We would love if this issue of Uncensored Detective published this month in 1946 had a story relating to the desperate clown on the cover, but no such luck. You can read the text of the issue at this link, but we’ll summarize for those short of time—you learn about cheating spouses, a killer cop, and a millionaire con artist, but no clowns. The stories are all interesting (as are the photos and photo-illustrations posed by models that probably barely earned meal money for the week), but the tale of double homicide on Lowry Air Force Base in Denver is the one that caught our interest.
The details of the murders are not in any way fantastic, but because the parties of interest are all Chinese cadets Uncensored Detective gets to drop lines like this one: The workings of the Oriental mind are strange indeed. And this one: What secret mechanism in the Oriental mind caused a normal Chinese student to go berserk and commit murders for pride? Oh, those inscrutable Chinese.

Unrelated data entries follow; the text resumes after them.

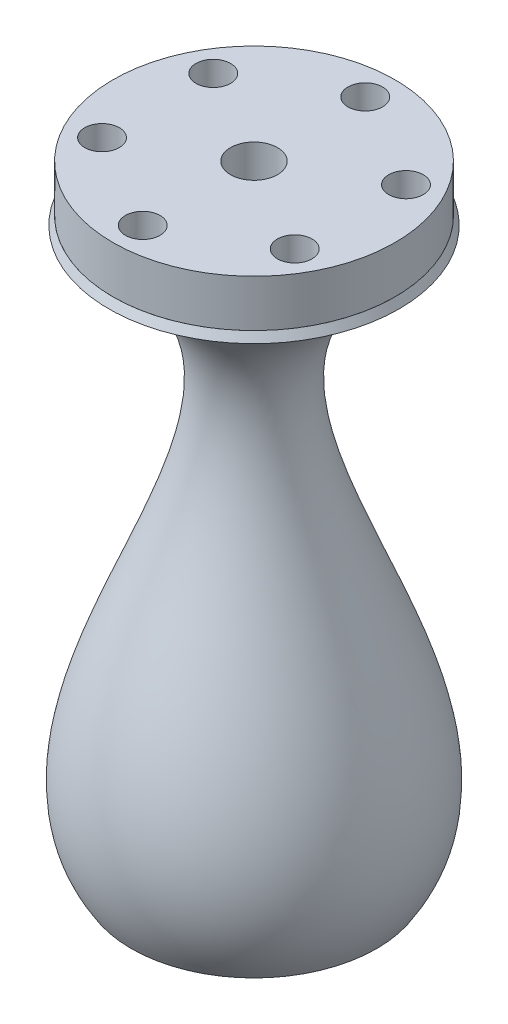
ISO-10303-21;
HEADER;
FILE_DESCRIPTION(('STEP AP214'),'2;1');
FILE_NAME('part.step','',(''),(''),'','','');
FILE_SCHEMA(('AUTOMOTIVE_DESIGN { 1 0 10303 214 1 1 1 1 }'));
ENDSEC;
DATA;
#1=APPLICATION_CONTEXT('core data for automotive mechanical design processes');
#2=APPLICATION_PROTOCOL_DEFINITION('international standard','automotive_design',2000,#1);
#3=PRODUCT_CONTEXT('',#1,'mechanical');
#4=PRODUCT('Part','Part','',(#3));
#5=PRODUCT_RELATED_PRODUCT_CATEGORY('part','',(#4));
#6=PRODUCT_DEFINITION_FORMATION('','',#4);
#7=PRODUCT_DEFINITION_CONTEXT('part definition',#1,'design');
#8=PRODUCT_DEFINITION('design','',#6,#7);
#9=PRODUCT_DEFINITION_SHAPE('','',#8);
#10=(LENGTH_UNIT() NAMED_UNIT(*) SI_UNIT(.MILLI.,.METRE.));
#11=(NAMED_UNIT(*) PLANE_ANGLE_UNIT() SI_UNIT($,.RADIAN.));
#12=(NAMED_UNIT(*) SI_UNIT($,.STERADIAN.) SOLID_ANGLE_UNIT());
#13=UNCERTAINTY_MEASURE_WITH_UNIT(LENGTH_MEASURE(1.E-05),#10,'distance_accuracy_value','');
#14=(GEOMETRIC_REPRESENTATION_CONTEXT(3) GLOBAL_UNCERTAINTY_ASSIGNED_CONTEXT((#13)) GLOBAL_UNIT_ASSIGNED_CONTEXT((#10,
#11,#12)) REPRESENTATION_CONTEXT('',''));
#15=CARTESIAN_POINT('',(0.,0.,0.));
#16=DIRECTION('',(0.,0.,1.));
#17=DIRECTION('',(1.,0.,0.));
#18=AXIS2_PLACEMENT_3D('',#15,#16,#17);
#19=CARTESIAN_POINT('',(-31.75,-154.94,0.));
#20=DIRECTION('',(0.,-1.,0.));
#21=DIRECTION('',(1.,0.,0.));
#22=AXIS2_PLACEMENT_3D('',#19,#20,#21);
#23=PLANE('',#22);
#24=CARTESIAN_POINT('',(0.,-154.94,0.));
#25=DIRECTION('',(0.,1.,0.));
#26=DIRECTION('',(-1.,0.,0.));
#27=AXIS2_PLACEMENT_3D('',#24,#25,#26);
#28=CIRCLE('',#27,33.1702305805805);
#29=CARTESIAN_POINT('',(-33.1702305805805,-154.94,0.));
#30=VERTEX_POINT('',#29);
#31=EDGE_CURVE('E59',#30,#30,#28,.T.);
#32=ORIENTED_EDGE('',*,*,#31,.F.);
#33=EDGE_LOOP('',(#32));
#34=FACE_BOUND('',#33,.T.);
#35=ADVANCED_FACE('F45',(#34),#23,.T.);
#36=CARTESIAN_POINT('',(-31.75,-152.4,0.));
#37=DIRECTION('',(0.,-1.,0.));
#38=DIRECTION('',(1.,0.,0.));
#39=AXIS2_PLACEMENT_3D('',#36,#37,#38);
#40=PLANE('',#39);
#41=CARTESIAN_POINT('',(0.,-152.4,0.));
#42=DIRECTION('',(0.,1.,0.));
#43=DIRECTION('',(-1.,0.,0.));
#44=AXIS2_PLACEMENT_3D('',#41,#42,#43);
#45=CIRCLE('',#44,31.75);
#46=CARTESIAN_POINT('',(-31.75,-152.4,0.));
#47=VERTEX_POINT('',#46);
#48=EDGE_CURVE('E11',#47,#47,#45,.T.);
#49=ORIENTED_EDGE('',*,*,#48,.T.);
#50=EDGE_LOOP('',(#49));
#51=FACE_BOUND('',#50,.T.);
#52=ADVANCED_FACE('F85',(#51),#40,.F.);
#53=CARTESIAN_POINT('',(-38.1,0.,0.));
#54=CARTESIAN_POINT('',(32.6762397187131,-33.7855898671001,0.));
#55=CARTESIAN_POINT('',(-59.5523791944092,-107.166993136059,0.));
#56=CARTESIAN_POINT('',(-31.75,-152.4,0.));
#57=B_SPLINE_CURVE_WITH_KNOTS('',3,(#53,#54,#55,#56),.UNSPECIFIED.,.F.,.F.,(4,4),(0.,1.),.UNSPECIFIED.);
#58=CARTESIAN_POINT('',(0.,0.,0.));
#59=DIRECTION('',(0.,1.,0.));
#60=AXIS1_PLACEMENT('',#58,#59);
#61=SURFACE_OF_REVOLUTION('',#57,#60);
#62=ORIENTED_EDGE('',*,*,#48,.F.);
#63=EDGE_LOOP('',(#62));
#64=FACE_BOUND('',#63,.T.);
#65=CARTESIAN_POINT('',(0.,0.,0.));
#66=DIRECTION('',(0.,1.,0.));
#67=DIRECTION('',(-1.,0.,0.));
#68=AXIS2_PLACEMENT_3D('',#65,#66,#67);
#69=CIRCLE('',#68,38.1);
#70=CARTESIAN_POINT('',(-38.1,0.,0.));
#71=VERTEX_POINT('',#70);
#72=EDGE_CURVE('E51',#71,#71,#69,.T.);
#73=ORIENTED_EDGE('',*,*,#72,.T.);
#74=EDGE_LOOP('',(#73));
#75=FACE_BOUND('',#74,.T.);
#76=ADVANCED_FACE('F82',(#64,#75),#61,.T.);
#77=CARTESIAN_POINT('',(0.,-2.29222602947274,0.));
#78=DIRECTION('',(0.,-1.,0.));
#79=DIRECTION('',(1.,0.,0.));
#80=AXIS2_PLACEMENT_3D('',#77,#78,#79);
#81=CONICAL_SURFACE('',#80,39.1942119674942,0.445370328452159);
#82=ORIENTED_EDGE('',*,*,#72,.F.);
#83=EDGE_LOOP('',(#82));
#84=FACE_BOUND('',#83,.T.);
#85=CARTESIAN_POINT('',(0.,-2.29222602947274,0.));
#86=DIRECTION('',(0.,1.,0.));
#87=DIRECTION('',(-1.,0.,0.));
#88=AXIS2_PLACEMENT_3D('',#85,#86,#87);
#89=CIRCLE('',#88,39.1942119674942);
#90=CARTESIAN_POINT('',(-39.1942119674942,-2.29222602947274,0.));
#91=VERTEX_POINT('',#90);
#92=EDGE_CURVE('E55',#91,#91,#89,.T.);
#93=ORIENTED_EDGE('',*,*,#92,.T.);
#94=EDGE_LOOP('',(#93));
#95=FACE_BOUND('',#94,.T.);
#96=ADVANCED_FACE('F78',(#84,#95),#81,.T.);
#97=CARTESIAN_POINT('',(-39.1942119674942,-2.29222602947274,0.));
#98=CARTESIAN_POINT('',(-34.8614389105815,-4.36050903051737,0.));
#99=CARTESIAN_POINT('',(-31.1927398060546,-6.56541806497867,0.));
#100=CARTESIAN_POINT('',(-25.0245259468001,-11.1917654300556,0.));
#101=CARTESIAN_POINT('',(-22.5248031803444,-13.6117942958894,0.));
#102=CARTESIAN_POINT('',(-18.5061974273643,-18.6340152584461,0.));
#103=CARTESIAN_POINT('',(-16.985107261721,-21.2364897960595,0.));
#104=CARTESIAN_POINT('',(-14.7412279242141,-26.6431128882137,0.));
#105=CARTESIAN_POINT('',(-14.0184683618747,-29.4497739423554,0.));
#106=CARTESIAN_POINT('',(-13.2446976955873,-35.2881632791064,0.));
#107=CARTESIAN_POINT('',(-13.1953262185129,-38.3198644747277,0.));
#108=CARTESIAN_POINT('',(-13.662043390385,-44.5854767210561,0.));
#109=CARTESIAN_POINT('',(-14.1784352466751,-47.818456499126,0.));
#110=CARTESIAN_POINT('',(-16.3935618163439,-57.7522203017617,0.));
#111=CARTESIAN_POINT('',(-18.7602520873641,-64.6843609559365,0.));
#112=CARTESIAN_POINT('',(-24.1796149998284,-78.8223622197904,0.));
#113=CARTESIAN_POINT('',(-27.2299749549672,-86.0283321852692,0.));
#114=CARTESIAN_POINT('',(-32.8773088829367,-100.437664235248,0.));
#115=CARTESIAN_POINT('',(-35.4759335781833,-107.640919919764,0.));
#116=CARTESIAN_POINT('',(-38.1609616535489,-118.286689066183,0.));
#117=CARTESIAN_POINT('',(-38.8534735497201,-121.80951657246,0.));
#118=CARTESIAN_POINT('',(-39.6758277379926,-128.780297418311,0.));
#119=CARTESIAN_POINT('',(-39.805605332258,-132.229002500746,0.));
#120=CARTESIAN_POINT('',(-39.331567575255,-139.015933352786,0.));
#121=CARTESIAN_POINT('',(-38.7265059441794,-142.354675982864,0.));
#122=CARTESIAN_POINT('',(-37.1427109304725,-147.225371889751,0.));
#123=CARTESIAN_POINT('',(-36.5022686312662,-148.825657092171,0.));
#124=CARTESIAN_POINT('',(-35.3602879587102,-151.18233174534,0.));
#125=CARTESIAN_POINT('',(-34.9494356916948,-151.960593782365,0.));
#126=CARTESIAN_POINT('',(-34.3970178777034,-152.923416220121,0.));
#127=CARTESIAN_POINT('',(-34.2283792891868,-153.211512947473,0.));
#128=CARTESIAN_POINT('',(-34.0409217152594,-153.522373424794,0.));
#129=CARTESIAN_POINT('',(-33.9680564151279,-153.641733741039,0.));
#130=CARTESIAN_POINT('',(-33.9388489468107,-153.689461715374,0.));
#131=CARTESIAN_POINT('',(-33.9235339112807,-153.714415150231,0.));
#132=CARTESIAN_POINT('',(-33.882444638697,-153.781265232946,0.));
#133=CARTESIAN_POINT('',(-33.6359090031952,-154.182365729234,0.));
#134=CARTESIAN_POINT('',(-33.3893733676933,-154.583466225522,0.));
#135=CARTESIAN_POINT('',(-33.1702305805804,-154.94,0.));
#136=B_SPLINE_CURVE_WITH_KNOTS('',3,(#97,#98,#99,#100,#101,#102,#103,#104,#105,#106,#107,#108,
#109,#110,#111,#112,#113,#114,#115,#116,#117,#118,#119,#120,#121,#122,#123,#124,#125,#126,#127,
#128,#129,#130,#131,#132,#133,#134,#135),.UNSPECIFIED.,.F.,.F.,(4,2,2,2,2,2,2,2,2,2,2,2,2,2,2,1,
1,2,2,1,4),(0.,0.0625,0.125,0.1875,0.25,0.3125,0.375,0.5,0.624999999999999,0.749999999999999,
0.812499999999999,0.874999999999999,0.937499999999999,0.968749999999998,0.984374999999998,
0.988281249999998,0.990234374999998,0.990722656249998,0.991210937499998,0.992187499999998,1.),.UNSPECIFIED.);
#137=CARTESIAN_POINT('',(0.,0.,0.));
#138=DIRECTION('',(0.,1.,0.));
#139=AXIS1_PLACEMENT('',#137,#138);
#140=SURFACE_OF_REVOLUTION('',#136,#139);
#141=ORIENTED_EDGE('',*,*,#31,.T.);
#142=EDGE_LOOP('',(#141));
#143=FACE_BOUND('',#142,.T.);
#144=ORIENTED_EDGE('',*,*,#92,.F.);
#145=EDGE_LOOP('',(#144));
#146=FACE_BOUND('',#145,.T.);
#147=ADVANCED_FACE('F75',(#143,#146),#140,.F.);
#148=CLOSED_SHELL('',(#35,#52,#76,#96,#147));
#149=MANIFOLD_SOLID_BREP('B2',#148);
#150=CARTESIAN_POINT('',(0.,12.7,0.));
#151=DIRECTION('',(0.,1.,0.));
#152=DIRECTION('',(0.,0.,1.));
#153=AXIS2_PLACEMENT_3D('',#150,#151,#152);
#154=PLANE('',#153);
#155=CARTESIAN_POINT('',(0.,12.7,0.));
#156=DIRECTION('',(0.,1.,0.));
#157=DIRECTION('',(0.,0.,1.));
#158=AXIS2_PLACEMENT_3D('',#155,#156,#157);
#159=CIRCLE('',#158,6.35);
#160=CARTESIAN_POINT('',(0.,12.7,6.35));
#161=VERTEX_POINT('',#160);
#162=EDGE_CURVE('E179',#161,#161,#159,.T.);
#163=ORIENTED_EDGE('',*,*,#162,.F.);
#164=EDGE_LOOP('',(#163));
#165=FACE_BOUND('',#164,.T.);
#166=CARTESIAN_POINT('',(-26.0276467925353,12.7,15.0270688820428));
#167=DIRECTION('',(0.,1.,0.));
#168=DIRECTION('',(0.,0.,1.));
#169=AXIS2_PLACEMENT_3D('',#166,#167,#168);
#170=CIRCLE('',#169,4.67329791902137);
#171=CARTESIAN_POINT('',(-26.0276467925353,12.7,19.7003668010641));
#172=VERTEX_POINT('',#171);
#173=EDGE_CURVE('E164',#172,#172,#170,.T.);
#174=ORIENTED_EDGE('',*,*,#173,.F.);
#175=EDGE_LOOP('',(#174));
#176=FACE_BOUND('',#175,.T.);
#177=CARTESIAN_POINT('',(26.0276467925353,12.7,15.0270688820427));
#178=DIRECTION('',(0.,1.,0.));
#179=DIRECTION('',(0.,0.,1.));
#180=AXIS2_PLACEMENT_3D('',#177,#178,#179);
#181=CIRCLE('',#180,4.67329791902138);
#182=CARTESIAN_POINT('',(26.0276467925353,12.7,19.7003668010641));
#183=VERTEX_POINT('',#182);
#184=EDGE_CURVE('E152',#183,#183,#181,.T.);
#185=ORIENTED_EDGE('',*,*,#184,.F.);
#186=EDGE_LOOP('',(#185));
#187=FACE_BOUND('',#186,.T.);
#188=CARTESIAN_POINT('',(0.,12.7,-30.0541377640855));
#189=DIRECTION('',(0.,1.,0.));
#190=DIRECTION('',(0.,0.,1.));
#191=AXIS2_PLACEMENT_3D('',#188,#189,#190);
#192=CIRCLE('',#191,4.67329791902137);
#193=CARTESIAN_POINT('',(0.,12.7,-25.3808398450641));
#194=VERTEX_POINT('',#193);
#195=EDGE_CURVE('E141',#194,#194,#192,.T.);
#196=ORIENTED_EDGE('',*,*,#195,.F.);
#197=EDGE_LOOP('',(#196));
#198=FACE_BOUND('',#197,.T.);
#199=CARTESIAN_POINT('',(0.,12.7,0.));
#200=DIRECTION('',(0.,1.,0.));
#201=DIRECTION('',(0.,0.,1.));
#202=AXIS2_PLACEMENT_3D('',#199,#200,#201);
#203=CIRCLE('',#202,38.1);
#204=CARTESIAN_POINT('',(0.,12.7,38.1));
#205=VERTEX_POINT('',#204);
#206=EDGE_CURVE('E44',#205,#205,#203,.T.);
#207=ORIENTED_EDGE('',*,*,#206,.T.);
#208=EDGE_LOOP('',(#207));
#209=FACE_BOUND('',#208,.T.);
#210=CARTESIAN_POINT('',(26.0276467925353,12.7,-15.0270688820427));
#211=DIRECTION('',(0.,1.,0.));
#212=DIRECTION('',(0.,0.,1.));
#213=AXIS2_PLACEMENT_3D('',#210,#211,#212);
#214=CIRCLE('',#213,4.67329791902137);
#215=CARTESIAN_POINT('',(26.0276467925353,12.7,-10.3537709630214));
#216=VERTEX_POINT('',#215);
#217=EDGE_CURVE('E146',#216,#216,#214,.T.);
#218=ORIENTED_EDGE('',*,*,#217,.F.);
#219=EDGE_LOOP('',(#218));
#220=FACE_BOUND('',#219,.T.);
#221=CARTESIAN_POINT('',(0.,12.7,30.0541377640855));
#222=DIRECTION('',(0.,1.,0.));
#223=DIRECTION('',(0.,0.,1.));
#224=AXIS2_PLACEMENT_3D('',#221,#222,#223);
#225=CIRCLE('',#224,4.67329791902137);
#226=CARTESIAN_POINT('',(0.,12.7,34.7274356831069));
#227=VERTEX_POINT('',#226);
#228=EDGE_CURVE('E158',#227,#227,#225,.T.);
#229=ORIENTED_EDGE('',*,*,#228,.F.);
#230=EDGE_LOOP('',(#229));
#231=FACE_BOUND('',#230,.T.);
#232=CARTESIAN_POINT('',(-26.0276467925353,12.7,-15.0270688820427));
#233=DIRECTION('',(0.,1.,0.));
#234=DIRECTION('',(0.,0.,1.));
#235=AXIS2_PLACEMENT_3D('',#232,#233,#234);
#236=CIRCLE('',#235,4.67329791902137);
#237=CARTESIAN_POINT('',(-26.0276467925353,12.7,-10.3537709630214));
#238=VERTEX_POINT('',#237);
#239=EDGE_CURVE('E170',#238,#238,#236,.T.);
#240=ORIENTED_EDGE('',*,*,#239,.F.);
#241=EDGE_LOOP('',(#240));
#242=FACE_BOUND('',#241,.T.);
#243=ADVANCED_FACE('F130',(#165,#176,#187,#198,#209,#220,#231,#242),#154,.T.);
#244=CARTESIAN_POINT('',(0.,0.,0.));
#245=DIRECTION('',(0.,1.,0.));
#246=DIRECTION('',(0.,0.,1.));
#247=AXIS2_PLACEMENT_3D('',#244,#245,#246);
#248=PLANE('',#247);
#249=CARTESIAN_POINT('',(0.,0.,0.));
#250=DIRECTION('',(0.,1.,0.));
#251=DIRECTION('',(0.,0.,1.));
#252=AXIS2_PLACEMENT_3D('',#249,#250,#251);
#253=CIRCLE('',#252,6.35);
#254=CARTESIAN_POINT('',(0.,0.,6.35));
#255=VERTEX_POINT('',#254);
#256=EDGE_CURVE('E176',#255,#255,#253,.T.);
#257=ORIENTED_EDGE('',*,*,#256,.T.);
#258=EDGE_LOOP('',(#257));
#259=FACE_BOUND('',#258,.T.);
#260=CARTESIAN_POINT('',(0.,0.,0.));
#261=DIRECTION('',(0.,1.,0.));
#262=DIRECTION('',(0.,0.,1.));
#263=AXIS2_PLACEMENT_3D('',#260,#261,#262);
#264=CIRCLE('',#263,38.1);
#265=CARTESIAN_POINT('',(0.,0.,38.1));
#266=VERTEX_POINT('',#265);
#267=EDGE_CURVE('E134',#266,#266,#264,.T.);
#268=ORIENTED_EDGE('',*,*,#267,.F.);
#269=EDGE_LOOP('',(#268));
#270=FACE_BOUND('',#269,.T.);
#271=CARTESIAN_POINT('',(0.,0.,-30.0541377640855));
#272=DIRECTION('',(0.,1.,0.));
#273=DIRECTION('',(0.,0.,1.));
#274=AXIS2_PLACEMENT_3D('',#271,#272,#273);
#275=CIRCLE('',#274,4.67329791902137);
#276=CARTESIAN_POINT('',(0.,0.,-25.3808398450641));
#277=VERTEX_POINT('',#276);
#278=EDGE_CURVE('E143',#277,#277,#275,.T.);
#279=ORIENTED_EDGE('',*,*,#278,.T.);
#280=EDGE_LOOP('',(#279));
#281=FACE_BOUND('',#280,.T.);
#282=CARTESIAN_POINT('',(26.0276467925353,0.,-15.0270688820427));
#283=DIRECTION('',(0.,1.,0.));
#284=DIRECTION('',(0.,0.,1.));
#285=AXIS2_PLACEMENT_3D('',#282,#283,#284);
#286=CIRCLE('',#285,4.67329791902137);
#287=CARTESIAN_POINT('',(26.0276467925353,0.,-10.3537709630214));
#288=VERTEX_POINT('',#287);
#289=EDGE_CURVE('E149',#288,#288,#286,.T.);
#290=ORIENTED_EDGE('',*,*,#289,.T.);
#291=EDGE_LOOP('',(#290));
#292=FACE_BOUND('',#291,.T.);
#293=CARTESIAN_POINT('',(26.0276467925353,0.,15.0270688820427));
#294=DIRECTION('',(0.,1.,0.));
#295=DIRECTION('',(0.,0.,1.));
#296=AXIS2_PLACEMENT_3D('',#293,#294,#295);
#297=CIRCLE('',#296,4.67329791902138);
#298=CARTESIAN_POINT('',(26.0276467925353,0.,19.7003668010641));
#299=VERTEX_POINT('',#298);
#300=EDGE_CURVE('E155',#299,#299,#297,.T.);
#301=ORIENTED_EDGE('',*,*,#300,.T.);
#302=EDGE_LOOP('',(#301));
#303=FACE_BOUND('',#302,.T.);
#304=CARTESIAN_POINT('',(0.,0.,30.0541377640855));
#305=DIRECTION('',(0.,1.,0.));
#306=DIRECTION('',(0.,0.,1.));
#307=AXIS2_PLACEMENT_3D('',#304,#305,#306);
#308=CIRCLE('',#307,4.67329791902137);
#309=CARTESIAN_POINT('',(0.,0.,34.7274356831069));
#310=VERTEX_POINT('',#309);
#311=EDGE_CURVE('E161',#310,#310,#308,.T.);
#312=ORIENTED_EDGE('',*,*,#311,.T.);
#313=EDGE_LOOP('',(#312));
#314=FACE_BOUND('',#313,.T.);
#315=CARTESIAN_POINT('',(-26.0276467925353,0.,15.0270688820428));
#316=DIRECTION('',(0.,1.,0.));
#317=DIRECTION('',(0.,0.,1.));
#318=AXIS2_PLACEMENT_3D('',#315,#316,#317);
#319=CIRCLE('',#318,4.67329791902137);
#320=CARTESIAN_POINT('',(-26.0276467925353,0.,19.7003668010641));
#321=VERTEX_POINT('',#320);
#322=EDGE_CURVE('E167',#321,#321,#319,.T.);
#323=ORIENTED_EDGE('',*,*,#322,.T.);
#324=EDGE_LOOP('',(#323));
#325=FACE_BOUND('',#324,.T.);
#326=CARTESIAN_POINT('',(-26.0276467925353,0.,-15.0270688820427));
#327=DIRECTION('',(0.,1.,0.));
#328=DIRECTION('',(0.,0.,1.));
#329=AXIS2_PLACEMENT_3D('',#326,#327,#328);
#330=CIRCLE('',#329,4.67329791902137);
#331=CARTESIAN_POINT('',(-26.0276467925353,0.,-10.3537709630214));
#332=VERTEX_POINT('',#331);
#333=EDGE_CURVE('E173',#332,#332,#330,.T.);
#334=ORIENTED_EDGE('',*,*,#333,.T.);
#335=EDGE_LOOP('',(#334));
#336=FACE_BOUND('',#335,.T.);
#337=ADVANCED_FACE('F185',(#259,#270,#281,#292,#303,#314,#325,#336),#248,.F.);
#338=CARTESIAN_POINT('',(0.,12.7,0.));
#339=DIRECTION('',(0.,-1.,0.));
#340=DIRECTION('',(0.,0.,-1.));
#341=AXIS2_PLACEMENT_3D('',#338,#339,#340);
#342=CYLINDRICAL_SURFACE('',#341,38.1);
#343=ORIENTED_EDGE('',*,*,#206,.F.);
#344=EDGE_LOOP('',(#343));
#345=FACE_BOUND('',#344,.T.);
#346=ORIENTED_EDGE('',*,*,#267,.T.);
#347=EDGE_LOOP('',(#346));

The story is a classic case of framing the banal as somehow alien when it involves other ethnic groups, and it’s a lazy, vicious form of journalism you see often in both old magazines and modern cable news. The mechanism of murder in the Denver crime was indeed pride, and that’s not so secret or strange. The other murders in the magazine were committed for jealousy, money, and lust, and there’s nothing secret or strange about those either. What would be strange is clowns. But there isn’t a single damned one in the magazine.